Exercise objective → Each line in the entries below that holds the string "diagram" must be copied.

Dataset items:
# # # # #
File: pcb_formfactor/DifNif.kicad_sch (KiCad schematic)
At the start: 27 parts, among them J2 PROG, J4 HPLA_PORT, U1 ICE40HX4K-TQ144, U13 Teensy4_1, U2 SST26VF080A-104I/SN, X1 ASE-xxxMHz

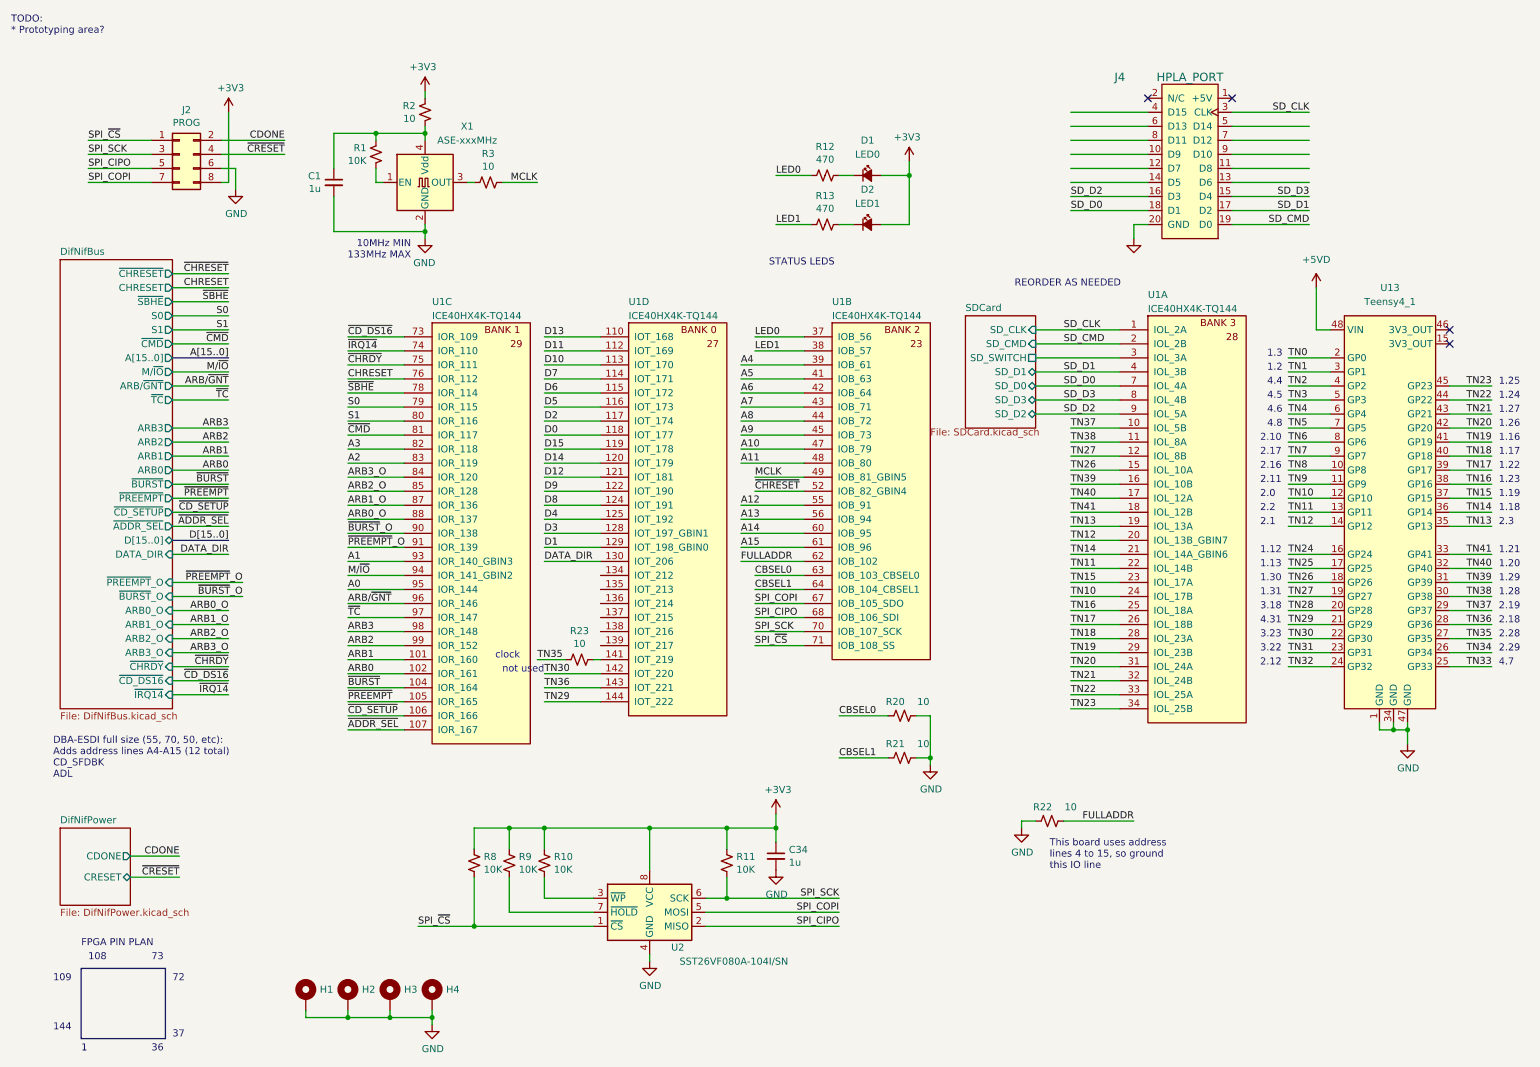
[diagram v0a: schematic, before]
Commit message: Rev P2 schematic: CHRESET fix, 74LVC8T245, -CD SFDBK, debug header
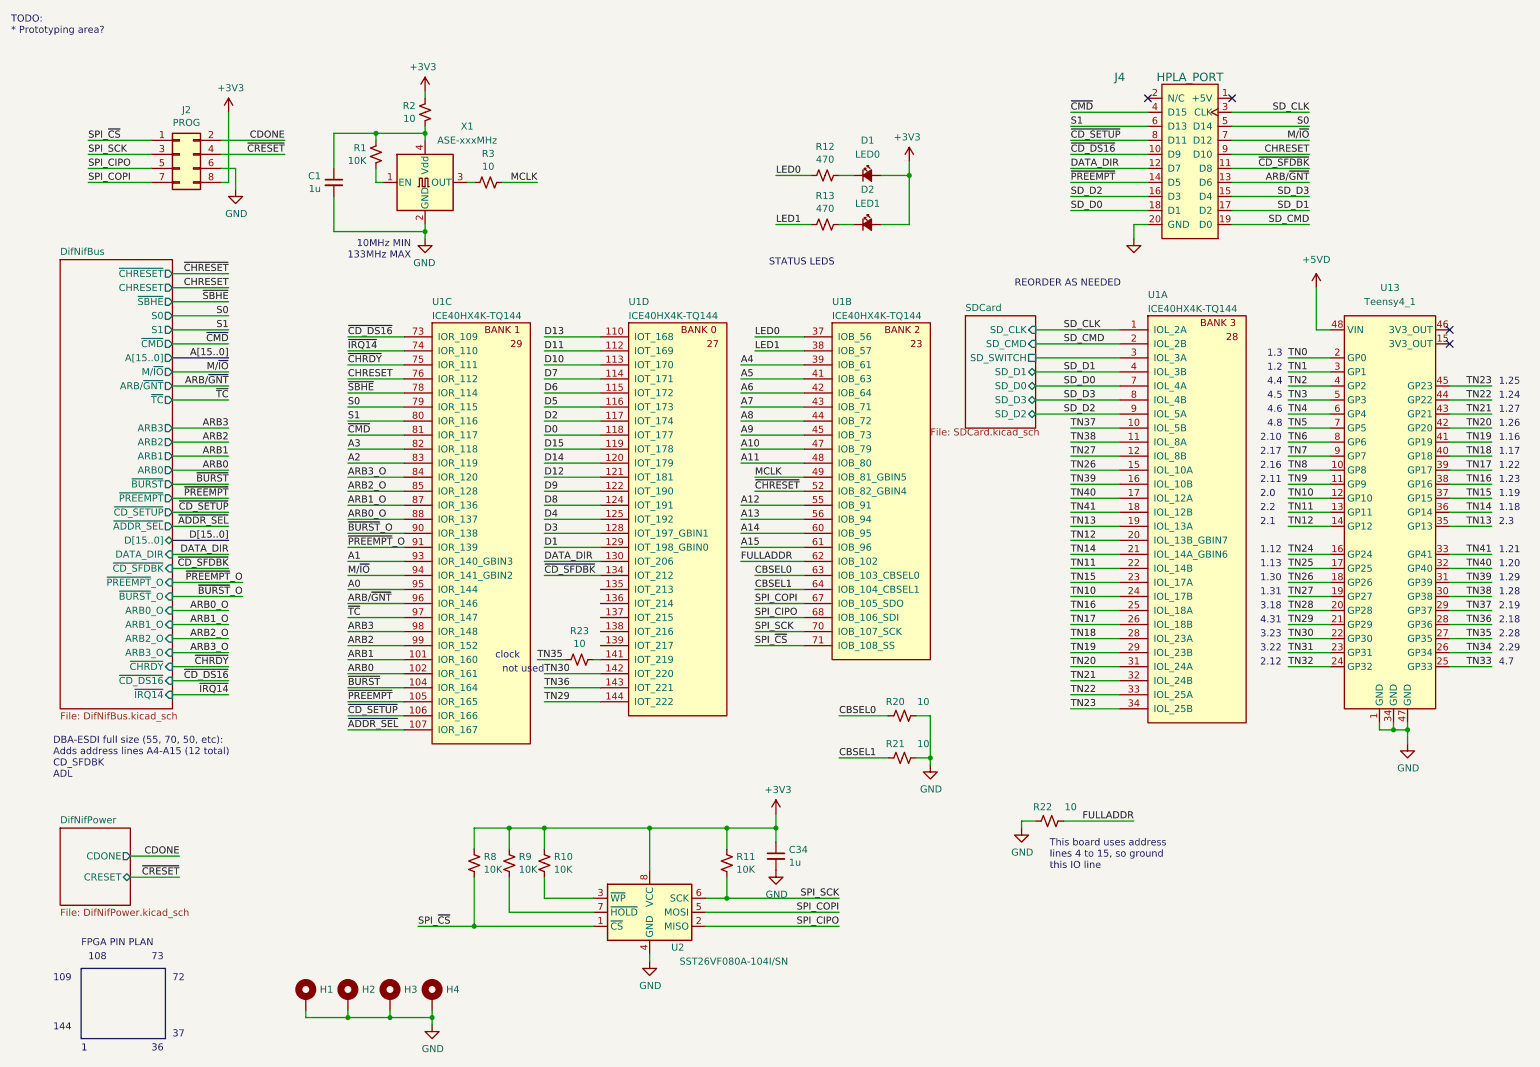
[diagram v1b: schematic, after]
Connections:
- net ARB/~{GNT}: now also J4.13 (D6)
- net CHRESET: now also J4.9 (D10)
- net DATA_DIR: now also J4.12 (D7)
- net M/~{IO}: now also J4.7 (D12)
- net S0: now also J4.5 (D14)
- net S1: now also J4.6 (D13)
- net ~{CD_DS16}: now also J4.10 (D9)
- net ~{CD_SETUP}: now also J4.8 (D11)
- net ~{CMD}: now also J4.4 (D15)
- net ~{PREEMPT}: now also J4.14 (D5)
- net ~{CD_SFDBK}: now reaches U1.134 (IOT_212)
- net ~{CD_SFDBK}: now also J4.11 (D8)
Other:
- sheet DifNifBus ports: added ~{CD_SFDBK}; removed none
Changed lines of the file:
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@@
     (effects (font (size 1.27 1.27)) (justify right bottom))
+  )
+  (wire (pts (xy 39.37 105.41) (xy 49.53 105.41))
+    (stroke (width 0) (type default) (color 0 0 0 0))
+  )
+  (label "~{CD_SFDBK}" (at 49.53 105.41 180)
+    (effects (font (size 1.27 1.27)) (justify right bottom))
+  )
+  (wire (pts (xy 106.68 106.68) (xy 116.84 106.68))
+    (stroke (width 0) (type default) (color 0 0 0 0))
+  )
+  (label "~{CD_SFDBK}" (at 106.68 106.68 0)
+    (effects (font (size 1.27 1.27)) (justify left bottom))
+  )
+  (label "~{CMD}" (at 201.93 22.86 0)
+    (effects (font (size 1.27 1.27)) (justify left bottom))
+  )
+  (label "S0" (at 245.11 25.4 180)
+    (effects (font (size 1.27 1.27)) (justify right bottom))
+  )
+  (label "S1" (at 201.93 25.4 0)
+    (effects (font (size 1.27 1.27)) (justify left bottom))
+  )
+  (label "M{slash}~{IO}" (at 245.11 27.94 180)
+    (effects (font (size 1.27 1.27)) (justify right bottom))
+  )
+  (label "~{CD_SETUP}" (at 201.93 27.94 0)
+    (effects (font (size 1.27 1.27)) (justify left bottom))
+  )
+  (label "CHRESET" (at 245.11 30.48 180)
+    (effects (font (size 1.27 1.27)) (justify right bottom))
+  )
+  (label "~{CD_DS16}" (at 201.93 30.48 0)
+    (effects (font (size 1.27 1.27)) (justify left bottom))
+  )
+  (label "~{CD_SFDBK}" (at 245.11 33.02 180)
+    (effects (font (size 1.27 1.27)) (justify right bottom))
+  )
+  (label "DATA_DIR" (at 201.93 33.02 0)
+    (effects (font (size 1.27 1.27)) (justify left bottom))
+  )
+  (label "ARB{slash}~{GNT}" (at 245.11 35.56 180)
+    (effects (font (size 1.27 1.27)) (justify right bottom))
+  )
+  (label "~{PREEMPT}" (at 201.93 35.56 0)
+    (effects (font (size 1.27 1.27)) (justify left bottom))
   )
   (label "SD_CLK" (at 245.11 22.86 180)
@@
       (effects (font (size 1.27 1.27)) (justify right))
     )
+    (pin "~{CD_SFDBK}" input (at 39.37 105.41 0)
+      (effects (font (size 1.27 1.27)) (justify right))
+    )
     (pin "~{CD_DS16}" input (at 39.37 125.73 0)
       (effects (font (size 1.27 1.27)) (justify right))
@@
       (reference "#PWR04") (unit 1) (value "GND") (footprint "")
     )
-    (path "/78d98f44-3152-4de7-839f-c3effe832ce2/c26e1f2c-806a-4b2f-a749-60d466f3e670"
-      (reference "#PWR05") (unit 1) (value "GND") (footprint "")
-    )
     (path "/78d98f44-3152-4de7-839f-c3effe832ce2/e9cf55a5-c869-4634-b9c2-d466b80e4c2e"
       (reference "#PWR06") (unit 1) (value "GND") (footprint "")
@@
     )
     (path "/78d98f44-3152-4de7-839f-c3effe832ce2/6a0d192a-3303-48e8-b5be-3e1ea48160c4"
-      (reference "U6") (unit 1) (value "74LVC4245") (footprint "Active:TSOP65P640X120-24")
+      (reference "U6") (unit 1) (value "74LVC8T245") (footprint "Active:TSOP65P640X120-24")
     )
     (path "/78d98f44-3152-4de7-839f-c3effe832ce2/60a42fa2-9611-47fe-8d44-493ed1a992b4"
-      (reference "U7") (unit 1) (value "74LVC4245") (footprint "Active:TSOP65P640X120-24")
+      (reference "U7") (unit 1) (value "74LVC8T245") (footprint "Active:TSOP65P640X120-24")
     )
     (path "/78d98f44-3152-4de7-839f-c3effe832ce2/ef0cbbd3-9218-4ba7-81cf-9535b755052c"
-      (reference "U8") (unit 1) (value "74LVC4245") (footprint "Active:TSOP65P640X120-24")
+      (reference "U8") (unit 1) (value "74LVC8T245") (footprint "Active:TSOP65P640X120-24")
     )
     (path "/78d98f44-3152-4de7-839f-c3effe832ce2/31d9ff12-65d5-46c5-b37d-36c2a19fb857"
-      (reference "U9") (unit 1) (value "74LVC4245") (footprint "Active:TSOP65P640X120-24")
+      (reference "U9") (unit 1) (value "74LVC8T245") (footprint "Active:TSOP65P640X120-24")
     )
     (path "/78d98f44-3152-4de7-839f-c3effe832ce2/f1277e00-6824-4a80-b244-d6e8b685b67f"
-      (reference "U10") (unit 1) (value "74LVC4245") (footprint "Active:TSOP65P640X120-24")
+      (reference "U10") (unit 1) (value "74LVC8T245") (footprint "Active:TSOP65P640X120-24")
     )
     (path "/78d98f44-3152-4de7-839f-c3effe832ce2/9a9b6ae8-8ab2-4caa-b7a8-ddbc8e9c1081"
@@
     )
     (path "/78d98f44-3152-4de7-839f-c3effe832ce2/328b0cf1-0e00-4564-8bd7-1543f7772a43"
-      (reference "U14") (unit 1) (value "74LVC4245") (footprint "Active:TSOP65P640X120-24")
+      (reference "U14") (unit 1) (value "74LVC8T245") (footprint "Active:TSOP65P640X120-24")
     )
     (path "/58c0945f-31b0-4f25-b315-dccac0ec690d"
# # # # #
Answer for this exercise →
[diagram v0a: schematic, before]
[diagram v1b: schematic, after]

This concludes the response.